Jason Haar wrote:
Elvar wrote:
Yes, Squid comes with it's own NTLM AUTH mechanism but it does not
support the --require-membership option which allows me to force
users to be a part of a specific "internet access" group. That's why
I'm using winbindd.
This isn't the trusted domain issue that showed up about a month ago
is it? i.e do you have trusted domains where their domain controllers
are some distance away over a WAN link?
You don't mention it explicitly, but I'm guessing you're using NTLM
proxy authentication? As such it means Squid (and winbind for that
matter) cannot cache any of the authentication requests - they all
must go through to the backend domain controllers.

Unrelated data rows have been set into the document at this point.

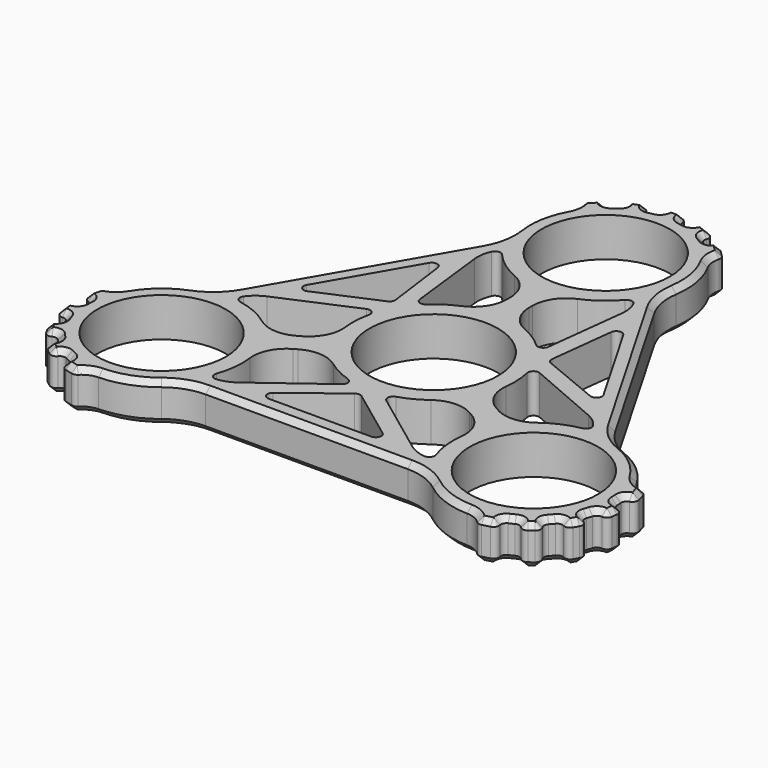
from build123d import *

# Parameters (mm, degrees)
F0_R        = 11.5
F1_DEPTH    = 7
F2_R        = 6
F3_R        = 1
F4_R        = 10
F5_T1_DEPTH = 7
F6_R        = 1
F7_R        = 1
F8_SIZE     = 0.9999


# Not quite as in the source:
# - a fillet or chamfer that OpenCascade refuses, or shapes differently, is made with other operations: its cross-section is extruded or revolved along the edge and cut away or added
# - a fillet or chamfer is up to 0.001 mm smaller than in the source, because OpenCascade refuses the exact size


with BuildPart() as f1:
    # F0 (on Top) → F1 (new body)
    with BuildSketch(Plane.XY):
        with BuildLine():
            Line((-12.5511453661, 48.9298250225), (-11.258699199, 47.6373788554))
            ThreePointArc((-11.258699199, 47.6373788554), (-14.3149781336, 40.8089826842), (-13.5606585567, 33.3659431724))
            Line((-13.5606585567, 33.3659431724), (-35.6760836869, -4.9390967841))
            ThreePointArc((-35.6760836869, -4.9390967841), (-42.4991047739, -8.0073566238), (-46.884529858, -14.0683699078))
            Line((-46.884529858, -14.0683699078), (-48.6500441552, -13.5953017777))
            Line((-48.6500441552, -13.5953017777), (-49.4265012906, -16.4930792565))
            Line((-49.4265012906, -16.4930792565), (-47.6609869933, -16.9661473867))
            ThreePointArc((-47.6609869933, -16.9661473867), (-47.8109324327, -18.3016546262), (-47.8365884719, -19.6453082233))
            Line((-47.8365884719, -19.6453082233), (-49.6487463314, -19.8838833315))
            Line((-49.6487463314, -19.8838833315), (-49.2571677547, -22.8582179156))
            Line((-49.2571677547, -22.8582179156), (-47.4450098953, -22.6196428074))
            ThreePointArc((-47.4450098953, -22.6196428074), (-47.0724649234, -23.9108722469), (-46.5819740425, -25.1620644453))
            Line((-46.5819740425, -25.1620644453), (-48.1648908572, -26.0759618943))
            Line((-48.1648908572, -26.0759618943), (-46.6648908572, -28.6740381057))
            Line((-46.6648908572, -28.6740381057), (-45.0819740425, -27.7601406566))
            ThreePointArc((-45.0819740425, -27.7601406566), (-44.2436552541, -28.810514319), (-43.3116902434, -29.7787624484))
            Line((-43.3116902434, -29.7787624484), (-44.4243812775, -31.2288496362))
            Line((-44.4243812775, -31.2288496362), (-42.0443212567, -33.0551339232))
            Line((-42.0443212567, -33.0551339232), (-40.9316302225, -31.6050467354))
            ThreePointArc((-40.9316302225, -31.6050467354), (-39.7551640539, -32.2546547522), (-38.5236081379, -32.7925518123))
            Line((-38.5236081379, -32.7925518123), (-38.9966762681, -34.5580661095))
            Line((-38.9966762681, -34.5580661095), (-36.0988987892, -35.3345232449))
            Line((-36.0988987892, -35.3345232449), (-35.625830659, -33.5690089476))
            ThreePointArc((-35.625830659, -33.5690089476), (-28.1841266403, -32.8016260604), (-22.1154251302, -28.4268463883))
            Line((-22.1154251302, -28.4268463883), (22.1154251302, -28.4268463883))
            ThreePointArc((22.1154251302, -28.4268463883), (28.1841266403, -32.8016260604), (35.625830659, -33.5690089476))
            Line((35.625830659, -33.5690089476), (36.0988987892, -35.3345232449))
            Line((36.0988987892, -35.3345232449), (38.9966762681, -34.5580661095))
            Line((38.9966762681, -34.5580661095), (38.5236081379, -32.7925518123))
            ThreePointArc((38.5236081379, -32.7925518123), (39.7551640539, -32.2546547522), (40.9316302225, -31.6050467354))
            Line((40.9316302225, -31.6050467354), (42.0443212567, -33.0551339232))
            Line((42.0443212567, -33.0551339232), (44.4243812775, -31.2288496362))
            Line((44.4243812775, -31.2288496362), (43.3116902434, -29.7787624484))
            ThreePointArc((43.3116902434, -29.7787624484), (44.2436552541, -28.810514319), (45.0819740425, -27.7601406566))
            Line((45.0819740425, -27.7601406566), (46.6648908572, -28.6740381057))
            Line((46.6648908572, -28.6740381057), (48.1648908572, -26.0759618943))
            Line((48.1648908572, -26.0759618943), (46.5819740425, -25.1620644453))
            ThreePointArc((46.5819740425, -25.1620644453), (47.0724649234, -23.9108722469), (47.4450098953, -22.6196428074))
            Line((47.4450098953, -22.6196428074), (49.2571677547, -22.8582179156))
            Line((49.2571677547, -22.8582179156), (49.6487463314, -19.8838833315))
            Line((49.6487463314, -19.8838833315), (47.8365884719, -19.6453082233))
            ThreePointArc((47.8365884719, -19.6453082233), (47.8109324327, -18.3016546262), (47.6609869933, -16.9661473867))
            Line((47.6609869933, -16.9661473867), (49.4265012906, -16.4930792565))
            Line((49.4265012906, -16.4930792565), (48.6500441552, -13.5953017777))
            Line((48.6500441552, -13.5953017777), (46.884529858, -14.0683699078))
            ThreePointArc((46.884529858, -14.0683699078), (42.4991047739, -8.0073566238), (35.6760836869, -4.9390967841))
            Line((35.6760836869, -4.9390967841), (13.5606585567, 33.3659431724))
            ThreePointArc((13.5606585567, 33.3659431724), (14.3149781336, 40.8089826842), (11.258699199, 47.6373788554))
            Line((11.258699199, 47.6373788554), (12.5511453661, 48.9298250225))
            Line((12.5511453661, 48.9298250225), (10.4298250225, 51.0511453661))
            Line((10.4298250225, 51.0511453661), (9.1373788554, 49.758699199))
            ThreePointArc((9.1373788554, 49.758699199), (8.0557683788, 50.5563093784), (6.9049582494, 51.2503549587))
            Line((6.9049582494, 51.2503549587), (7.6044250747, 52.9390172548))
            Line((7.6044250747, 52.9390172548), (4.8327864772, 54.0870675519))
            Line((4.8327864772, 54.0870675519), (4.1333196519, 52.3984052558))
            ThreePointArc((4.1333196519, 52.3984052558), (2.8288096692, 52.7213865658), (1.5, 52.9222051019))
            Line((1.5, 52.9222051019), (1.5, 54.75))
            Line((1.5, 54.75), (-1.5, 54.75))
            Line((-1.5, 54.75), (-1.5, 52.9222051019))
            ThreePointArc((-1.5, 52.9222051019), (-2.8288096692, 52.7213865658), (-4.1333196519, 52.3984052558))
            Line((-4.1333196519, 52.3984052558), (-4.8327864772, 54.0870675519))
            Line((-4.8327864772, 54.0870675519), (-7.6044250747, 52.9390172548))
            Line((-7.6044250747, 52.9390172548), (-6.9049582494, 51.2503549587))
            ThreePointArc((-6.9049582494, 51.2503549587), (-8.0557683788, 50.5563093784), (-9.1373788554, 49.758699199))
            Line((-9.1373788554, 49.758699199), (-10.4298250225, 51.0511453661))
            Line((-10.4298250225, 51.0511453661), (-12.5511453661, 48.9298250225))
        make_face()
        with Locations((-33.3419780457, -19.25)):
            Circle(F0_R, mode=Mode.SUBTRACT)
        Polygon((-12.1679823131, -25.4268463883), (-0.1996260557, -16.2213186658), (12.1679823131, -25.4268463883), align=None, mode=Mode.SUBTRACT)
        with BuildLine():
            Line((-19.9046350819, -13.8013474994), (-11.4373429638, -8.9127541157))
            ThreePointArc((-11.4373429638, -8.9127541157), (-7.3686040003, -12.4881413784), (-2.2716589425, -14.3209484899))
            Line((-2.2716589425, -14.3209484899), (-17.1924109007, -25.4268463883))
            Line((-17.1924109007, -25.4268463883), (-20.2234198667, -25.4268463883))
            ThreePointArc((-20.2234198667, -25.4268463883), (-18.8474263976, -19.6474575692), (-19.9046350819, -13.8013474994))
        make_face(mode=Mode.SUBTRACT)
        with BuildLine():
            ThreePointArc((-13.5381346697, 5.193159892), (-14.4993496799, -0.1373275655), (-13.4373429638, -5.4486525006))
            Line((-13.4373429638, -5.4486525006), (-21.9046350819, -10.3372458843))
            ThreePointArc((-21.9046350819, -10.3372458843), (-26.4389105735, -6.4986212717), (-32.1320048438, -4.8005721618))
            Line((-32.1320048438, -4.8005721618), (-30.6165003608, -2.1756413982))
            Line((-30.6165003608, -2.1756413982), (-13.5381346697, 5.193159892))
        make_face(mode=Mode.SUBTRACT)
        with BuildLine():
            ThreePointArc((2.2716589425, -14.3209484899), (7.3686040003, -12.4881413784), (11.4373429638, -8.9127541157))
            Line((11.4373429638, -8.9127541157), (19.9046350819, -13.8013474994))
            ThreePointArc((19.9046350819, -13.8013474994), (18.8474263976, -19.6474575692), (20.2234198667, -25.4268463883))
            Line((20.2234198667, -25.4268463883), (17.1924109007, -25.4268463883))
            Line((17.1924109007, -25.4268463883), (2.2716589425, -14.3209484899))
        make_face(mode=Mode.SUBTRACT)
        with Locations((33.3419780457, -19.25)):
            Circle(F0_R, mode=Mode.SUBTRACT)
        with BuildLine():
            Line((21.9046350819, -10.3372458843), (13.4373429638, -5.4486525006))
            ThreePointArc((13.4373429638, -5.4486525006), (14.4993496799, -0.1373275655), (13.5381346697, 5.193159892))
            Line((13.5381346697, 5.193159892), (30.6165003608, -2.1756413982))
            Line((30.6165003608, -2.1756413982), (32.1320048438, -4.8005721618))
            ThreePointArc((32.1320048438, -4.8005721618), (26.4389105735, -6.4986212717), (21.9046350819, -10.3372458843))
        make_face(mode=Mode.SUBTRACT)
        Circle(F0_R, mode=Mode.SUBTRACT)
        Polygon((-15.9363037538, 23.2512049902), (-13.9482610196, 8.2835405684), (-28.104286067, 2.1756413982), align=None, mode=Mode.SUBTRACT)
        with BuildLine():
            Line((-2, 24.1385933837), (-2, 14.3614066163))
            ThreePointArc((-2, 14.3614066163), (-7.1307456795, 12.6254689439), (-11.2664757273, 9.1277885979))
            Line((-11.2664757273, 9.1277885979), (-13.42408946, 27.6024877865))
            Line((-13.42408946, 27.6024877865), (-11.9085849771, 30.2274185502))
            ThreePointArc((-11.9085849771, 30.2274185502), (-7.5914841759, 26.1460788408), (-2, 24.1385933837))
        make_face(mode=Mode.SUBTRACT)
        with BuildLine():
            ThreePointArc((11.2664757273, 9.1277885979), (7.1307456795, 12.6254689439), (2, 14.3614066163))
            Line((2, 14.3614066163), (2, 24.1385933837))
            ThreePointArc((2, 24.1385933837), (7.5914841759, 26.1460788408), (11.9085849771, 30.2274185502))
            Line((11.9085849771, 30.2274185502), (13.42408946, 27.6024877865))
            Line((13.42408946, 27.6024877865), (11.2664757273, 9.1277885979))
        make_face(mode=Mode.SUBTRACT)
        Polygon((28.104286067, 2.1756413982), (14.1478870753, 7.9377780974), (15.9363037538, 23.2512049902), align=None, mode=Mode.SUBTRACT)
        with Locations((0, 38.5)):
            Circle(F0_R, mode=Mode.SUBTRACT)
    extrude(amount=F1_DEPTH)

    # F2
    f2_edges = [f1.edges().sort_by_distance(p)[0] for p in [
        (-2, 14.361407, 3.5),
        (2, 14.361407, 3.5),
        (2, 24.138593, 3.5),
        (-2, 24.138593, 3.5),
        (-13.437343, -5.448653, 3.5),
        (19.904635, -13.801347, 3.5),
        (-19.904635, -13.801347, 3.5),
        (-11.437343, -8.912754, 3.5),
        (-21.904635, -10.337246, 3.5),
        (21.904635, -10.337246, 3.5),
        (11.437343, -8.912754, 3.5),
        (13.437343, -5.448653, 3.5),
        (-30.6165, -2.175641, 3.5),
        (-17.192411, -25.426846, 3.5),
        (17.192411, -25.426846, 3.5),
        (13.424089, 27.602488, 3.5),
        (30.6165, -2.175641, 3.5),
        (-13.424089, 27.602488, 3.5),
    ]]
    fillet(f2_edges, radius=F2_R)

    # F3
    f3_edges = [f1.edges().sort_by_distance(p)[0] for p in [
        (-11.266476, 9.127789, 3.5),
        (-13.538135, 5.19316, 3.5),
        (-2.271659, -14.320948, 3.5),
        (2.271659, -14.320948, 3.5),
        (13.538135, 5.19316, 3.5),
        (11.266476, 9.127789, 3.5),
        (32.132005, -4.800572, 3.5),
        (20.22342, -25.426846, 3.5),
        (-20.22342, -25.426846, 3.5),
        (-32.132005, -4.800572, 3.5),
        (11.908585, 30.227419, 3.5),
        (-11.908585, 30.227419, 3.5),
        (-15.936304, 23.251205, 3.5),
        (-28.104286, 2.175641, 3.5),
        (28.104286, 2.175641, 3.5),
        (15.936304, 23.251205, 3.5),
        (12.167982, -25.426846, 3.5),
        (-12.167982, -25.426846, 3.5),
        (-13.948261, 8.283541, 3.5),
        (-0.199626, -16.221319, 3.5),
        (14.147887, 7.937778, 3.5),
    ]]
    fillet(f3_edges, radius=F3_R)

    # F4
    f4_edges = [f1.edges().sort_by_distance(p)[0] for p in [
        (-13.560659, 33.365943, 3.5),
        (13.560659, 33.365943, 3.5),
        (-35.676084, -4.939097, 3.5),
        (-22.115425, -28.426846, 3.5),
        (22.115425, -28.426846, 3.5),
        (35.676084, -4.939097, 3.5),
    ]]
    fillet(f4_edges, radius=F4_R)

    # F5: fillet of radius 4 on 6 edges, made by hand

    # F5_s2 → F5_t1 (join)
    with BuildSketch(Plane.XY):
        with BuildLine():
            ThreePointArc((-12.5511453661, 48.9298250225), (-12.2396379947, 47.1713300782), (-12.7244772243, 45.4525304292))
            ThreePointArc((-12.7244772243, 45.4525304292), (-12.0412448899, 46.5782684717), (-11.258699199, 47.6373788554))
            Line((-11.258699199, 47.6373788554), (-12.5511453661, 48.9298250225))
        make_face()
        with BuildLine():
            ThreePointArc((12.7244772243, 45.4525304292), (12.2396379947, 47.1713300782), (12.5511453661, 48.9298250225))
            Line((12.5511453661, 48.9298250225), (11.258699199, 47.6373788554))
            ThreePointArc((11.258699199, 47.6373788554), (12.0412448899, 46.5782684717), (12.7244772243, 45.4525304292))
        make_face()
        with BuildLine():
            ThreePointArc((-45.7252846301, -11.7065446885), (-46.9713891754, -12.9858276025), (-48.6500441552, -13.5953017777))
            Line((-48.6500441552, -13.5953017777), (-46.884529858, -14.0683699078))
            ThreePointArc((-46.884529858, -14.0683699078), (-46.3585862058, -12.861110268), (-45.7252846301, -11.7065446885))
        make_face()
        with BuildLine():
            ThreePointArc((-33.0008074058, -33.7459857407), (-34.7317511806, -34.1855024756), (-36.0988987892, -35.3345232449))
            Line((-36.0988987892, -35.3345232449), (-35.625830659, -33.5690089476))
            ThreePointArc((-35.625830659, -33.5690089476), (-34.3173413159, -33.7171582037), (-33.0008074058, -33.7459857407))
        make_face()
        with BuildLine():
            ThreePointArc((36.0988987892, -35.3345232449), (34.7317511806, -34.1855024756), (33.0008074058, -33.7459857407))
            ThreePointArc((33.0008074058, -33.7459857407), (34.3173413159, -33.7171582037), (35.625830659, -33.5690089476))
            Line((35.625830659, -33.5690089476), (36.0988987892, -35.3345232449))
        make_face()
        with BuildLine():
            ThreePointArc((45.7252846301, -11.7065446885), (46.9713891754, -12.9858276025), (48.6500441552, -13.5953017777))
            Line((48.6500441552, -13.5953017777), (46.884529858, -14.0683699078))
            ThreePointArc((46.884529858, -14.0683699078), (46.3585862058, -12.861110268), (45.7252846301, -11.7065446885))
        make_face()
    extrude(amount=F5_T1_DEPTH)

    # F6
    f6_edges = [f1.edges().sort_by_distance(p)[0] for p in [
        (-9.137379, 49.758699, 3.5),
        (-6.904958, 51.250355, 3.5),
        (-4.13332, 52.398405, 3.5),
        (-1.5, 52.922205, 3.5),
        (1.5, 52.922205, 3.5),
        (6.904958, 51.250355, 3.5),
        (4.13332, 52.398405, 3.5),
        (9.137379, 49.758699, 3.5),
        (-47.660987, -16.966147, 3.5),
        (-47.44501, -22.619643, 3.5),
        (-40.93163, -31.605047, 3.5),
        (-45.081974, -27.760141, 3.5),
        (-47.836588, -19.645308, 3.5),
        (-46.581974, -25.162064, 3.5),
        (-43.31169, -29.778762, 3.5),
        (-38.523608, -32.792552, 3.5),
        (47.660987, -16.966147, 3.5),
        (47.44501, -22.619643, 3.5),
        (45.081974, -27.760141, 3.5),
        (40.93163, -31.605047, 3.5),
        (38.523608, -32.792552, 3.5),
        (43.31169, -29.778762, 3.5),
        (46.581974, -25.162064, 3.5),
        (47.836588, -19.645308, 3.5),
    ]]
    fillet(f6_edges, radius=F6_R)

    # F7
    f7_edges = [f1.edges().sort_by_distance(p)[0] for p in [
        (-7.604425, 52.939017, 3.5),
        (-4.832786, 54.087068, 3.5),
        (-12.551145, 48.929825, 3.5),
        (-10.429825, 51.051145, 3.5),
        (-1.5, 54.75, 3.5),
        (1.5, 54.75, 3.5),
        (4.832786, 54.087068, 3.5),
        (7.604425, 52.939017, 3.5),
        (10.429825, 51.051145, 3.5),
        (12.551145, 48.929825, 3.5),
        (-48.650044, -13.595302, 3.5),
        (-49.426501, -16.493079, 3.5),
        (-49.648746, -19.883883, 3.5),
        (-49.257168, -22.858218, 3.5),
        (-48.164891, -26.075962, 3.5),
        (-46.664891, -28.674038, 3.5),
        (-44.424381, -31.22885, 3.5),
        (-42.044321, -33.055134, 3.5),
        (-38.996676, -34.558066, 3.5),
        (-36.098899, -35.334523, 3.5),
        (36.098899, -35.334523, 3.5),
        (38.996676, -34.558066, 3.5),
        (42.044321, -33.055134, 3.5),
        (44.424381, -31.22885, 3.5),
        (46.664891, -28.674038, 3.5),
        (48.164891, -26.075962, 3.5),
        (49.257168, -22.858218, 3.5),
        (49.648746, -19.883883, 3.5),
        (49.426501, -16.493079, 3.5),
        (48.650044, -13.595302, 3.5),
    ]]
    fillet(f7_edges, radius=F7_R)

    # F8 (size 1 in the source; OpenCascade refuses exactly that, so slightly less here)
    f8_edges = [f1.edges().sort_by_distance(p)[0] for p in [
        (0, -28.426846, 7),
        (0, -28.426846, 0),
        (9.118065, 50.086816, 0),
        (10.441199, 50.637254, 0),
        (8.055768, 50.556309, 0),
        (11.624046, 49.856924, 0),
        (7.21549, 51.358076, 0),
        (12.370311, 48.921356, 0),
        (7.217687, 52.791136, 0),
        (12.263141, 46.894133, 0),
        (6.218606, 53.513042, 0),
        (14.27612, 41.038187, 0),
        (5.001684, 53.709035, 0),
        (14.407264, 33.017162, 0),
        (3.989911, 52.694155, 0),
        (24.618371, 14.213423, 0),
        (2.82881, 52.721387, 0),
        (35.797333, -4.031524, 0),
        (1.745671, 53.140562, 0),
        (42.678173, -8.155611, 0),
        (1.199292, 54.465377, 0),
        (46.743081, -12.826875, 0),
        (0, 54.75, 0),
        (48.552292, -13.747674, 0),
        (-1.199292, 54.465377, 0),
        (48.989386, -14.861743, 0),
        (-1.745671, 53.140562, 0),
        (49.073748, -16.276284, 0),
        (-2.82881, 52.721387, 0),
        (47.935488, -17.146932, 0),
        (-3.989911, 52.694155, 0),
        (47.810932, -18.301655, 0),
        (-5.001684, 53.709035, 0),
        (48.085144, -19.43024, 0),
        (-6.218606, 53.513042, 0),
        (49.327308, -20.144868, 0),
        (-7.217687, 52.791136, 0),
        (49.452957, -21.371051, 0),
        (-7.21549, 51.358076, 0),
        (49.01423, -22.522932, 0),
        (-8.055768, 50.556309, 0),
        (47.629432, -22.891713, 0),
        (-9.118065, 50.086816, 0),
        (47.072465, -23.910872, 0),
        (-10.441199, 50.637254, 0),
        (46.893912, -25.058486, 0),
        (-11.624046, 49.856924, 0),
        (47.768046, -26.194071, 0),
        (-12.370311, 48.921356, 0),
        (47.414891, -27.375, 0),
        (-12.263141, 46.894133, 0),
        (46.568754, -28.271306, 0),
        (-14.27612, 41.038187, 0),
        (45.148241, -28.082076, 0),
        (-14.407264, 33.017162, 0),
        (44.243655, -28.810514, 0),
        (-24.618371, 14.213423, 0),
        (43.639521, -29.802442, 0),
        (-35.797333, -4.031524, 0),
        (44.012546, -31.186103, 0),
        (-42.678173, -8.155611, 0),
        (43.234351, -32.141992, 0),
        (-46.743081, -12.826875, 0),
        (42.109622, -32.646268, 0),
        (-48.552292, -13.747674, 0),
        (40.869654, -31.927836, 0),
        (-48.989386, -14.861743, 0),
        (39.755164, -32.254655, 0),
        (-49.073748, -16.276284, 0),
        (38.817423, -32.939884, 0),
        (-47.935488, -17.146932, 0),
        (38.632549, -34.360971, 0),
        (-47.810932, -18.301655, 0),
        (37.36534, -34.995181, 0),
        (-48.085144, -19.43024, 0),
        (36.181982, -35.173681, 0),
        (-49.327308, -20.144868, 0),
        (34.47994, -34.067258, 0),
        (-49.452957, -21.371051, 0),
        (28.402053, -32.882576, 0),
        (-49.01423, -22.522932, 0),
        (21.390069, -28.985638, 0),
        (-47.629432, -22.891713, 0),
        (-47.072465, -23.910872, 0),
        (-21.390069, -28.985638, 0),
        (-46.893912, -25.058486, 0),
        (-28.402053, -32.882576, 0),
        (-47.768046, -26.194071, 0),
        (-34.47994, -34.067258, 0),
        (-47.414891, -27.375, 0),
        (-36.181982, -35.173681, 0),
        (-46.568754, -28.271306, 0),
        (-37.36534, -34.995181, 0),
        (-45.148241, -28.082076, 0),
        (-38.632549, -34.360971, 0),
        (-44.243655, -28.810514, 0),
        (-38.817423, -32.939884, 0),
        (-43.639521, -29.802442, 0),
        (-39.755164, -32.254655, 0),
        (-44.012546, -31.186103, 0),
        (-40.869654, -31.927836, 0),
        (-43.234351, -32.141992, 0),
        (-42.109622, -32.646268, 0),
        (9.118065, 50.086816, 7),
        (10.441199, 50.637254, 7),
        (8.055768, 50.556309, 7),
        (11.624046, 49.856924, 7),
        (7.21549, 51.358076, 7),
        (12.370311, 48.921356, 7),
        (7.217687, 52.791136, 7),
        (12.263141, 46.894133, 7),
        (6.218606, 53.513042, 7),
        (14.27612, 41.038187, 7),
        (5.001684, 53.709035, 7),
        (14.407264, 33.017162, 7),
        (3.989911, 52.694155, 7),
        (24.618371, 14.213423, 7),
        (2.82881, 52.721387, 7),
        (35.797333, -4.031524, 7),
        (1.745671, 53.140562, 7),
        (42.678173, -8.155611, 7),
        (1.199292, 54.465377, 7),
        (46.743081, -12.826875, 7),
        (0, 54.75, 7),
        (48.552292, -13.747674, 7),
        (-1.199292, 54.465377, 7),
        (48.989386, -14.861743, 7),
        (-1.745671, 53.140562, 7),
        (49.073748, -16.276284, 7),
        (-2.82881, 52.721387, 7),
        (47.935488, -17.146932, 7),
        (-3.989911, 52.694155, 7),
        (47.810932, -18.301655, 7),
        (-5.001684, 53.709035, 7),
        (48.085144, -19.43024, 7),
        (-6.218606, 53.513042, 7),
        (49.327308, -20.144868, 7),
        (-7.217687, 52.791136, 7),
        (49.452957, -21.371051, 7),
        (-7.21549, 51.358076, 7),
        (49.01423, -22.522932, 7),
        (-8.055768, 50.556309, 7),
        (47.629432, -22.891713, 7),
        (-9.118065, 50.086816, 7),
        (47.072465, -23.910872, 7),
        (-10.441199, 50.637254, 7),
        (46.893912, -25.058486, 7),
        (-11.624046, 49.856924, 7),
        (47.768046, -26.194071, 7),
        (-12.370311, 48.921356, 7),
        (47.414891, -27.375, 7),
        (-12.263141, 46.894133, 7),
        (46.568754, -28.271306, 7),
        (-14.27612, 41.038187, 7),
        (45.148241, -28.082076, 7),
        (-14.407264, 33.017162, 7),
        (44.243655, -28.810514, 7),
        (-24.618371, 14.213423, 7),
        (43.639521, -29.802442, 7),
        (-35.797333, -4.031524, 7),
        (44.012546, -31.186103, 7),
        (-42.678173, -8.155611, 7),
        (43.234351, -32.141992, 7),
        (-46.743081, -12.826875, 7),
        (42.109622, -32.646268, 7),
        (-48.552292, -13.747674, 7),
        (40.869654, -31.927836, 7),
        (-48.989386, -14.861743, 7),
        (39.755164, -32.254655, 7),
        (-49.073748, -16.276284, 7),
        (38.817423, -32.939884, 7),
        (-47.935488, -17.146932, 7),
        (38.632549, -34.360971, 7),
        (-47.810932, -18.301655, 7),
        (37.36534, -34.995181, 7),
        (-48.085144, -19.43024, 7),
        (36.181982, -35.173681, 7),
        (-49.327308, -20.144868, 7),
        (34.47994, -34.067258, 7),
        (-49.452957, -21.371051, 7),
        (28.402053, -32.882576, 7),
        (-49.01423, -22.522932, 7),
        (21.390069, -28.985638, 7),
        (-47.629432, -22.891713, 7),
        (-47.072465, -23.910872, 7),
        (-21.390069, -28.985638, 7),
        (-46.893912, -25.058486, 7),
        (-28.402053, -32.882576, 7),
        (-47.768046, -26.194071, 7),
        (-34.47994, -34.067258, 7),
        (-47.414891, -27.375, 7),
        (-36.181982, -35.173681, 7),
        (-46.568754, -28.271306, 7),
        (-37.36534, -34.995181, 7),
        (-45.148241, -28.082076, 7),
        (-38.632549, -34.360971, 7),
        (-44.243655, -28.810514, 7),
        (-38.817423, -32.939884, 7),
        (-43.639521, -29.802442, 7),
        (-39.755164, -32.254655, 7),
        (-44.012546, -31.186103, 7),
        (-40.869654, -31.927836, 7),
        (-43.234351, -32.141992, 7),
        (-42.109622, -32.646268, 7),
    ]]
    chamfer(f8_edges, length=F8_SIZE)


solid = f1.part

And if they are
remote (ie high latency compared with LAN-connected DCs), Squid and
winbind will spend more and more resources tracking outstanding
authentication requests. e.g. a single Web page may contain 10+ images
- that's 11 auth attempts - and with NTLM that means 33 HTTP
transactions - for one Web page! If you have just a handful of users
from remote domains, they will swallow a disproportionate amount of
your authentication resources. There's a bit of HTTP/1.1 Keepalive
reuse that speeds things up - but effectively it's a cow.
If you can stomach the lack of encryption, go back to Basic proxy
authentication - squid can cache the hell out of that! I bet you'll
find all your problems disappear.
I meant to respond to this a long time ago and I'm sorry for the delay.
Yes, I'm using NTLM to authenticate the users to Active Directory
requiring specific group membership. If the users don't belong to group
"Internet Access" they are denied out. I can stomach the lack of
encryption, but with basic proxy auth can they still authenticate to AD?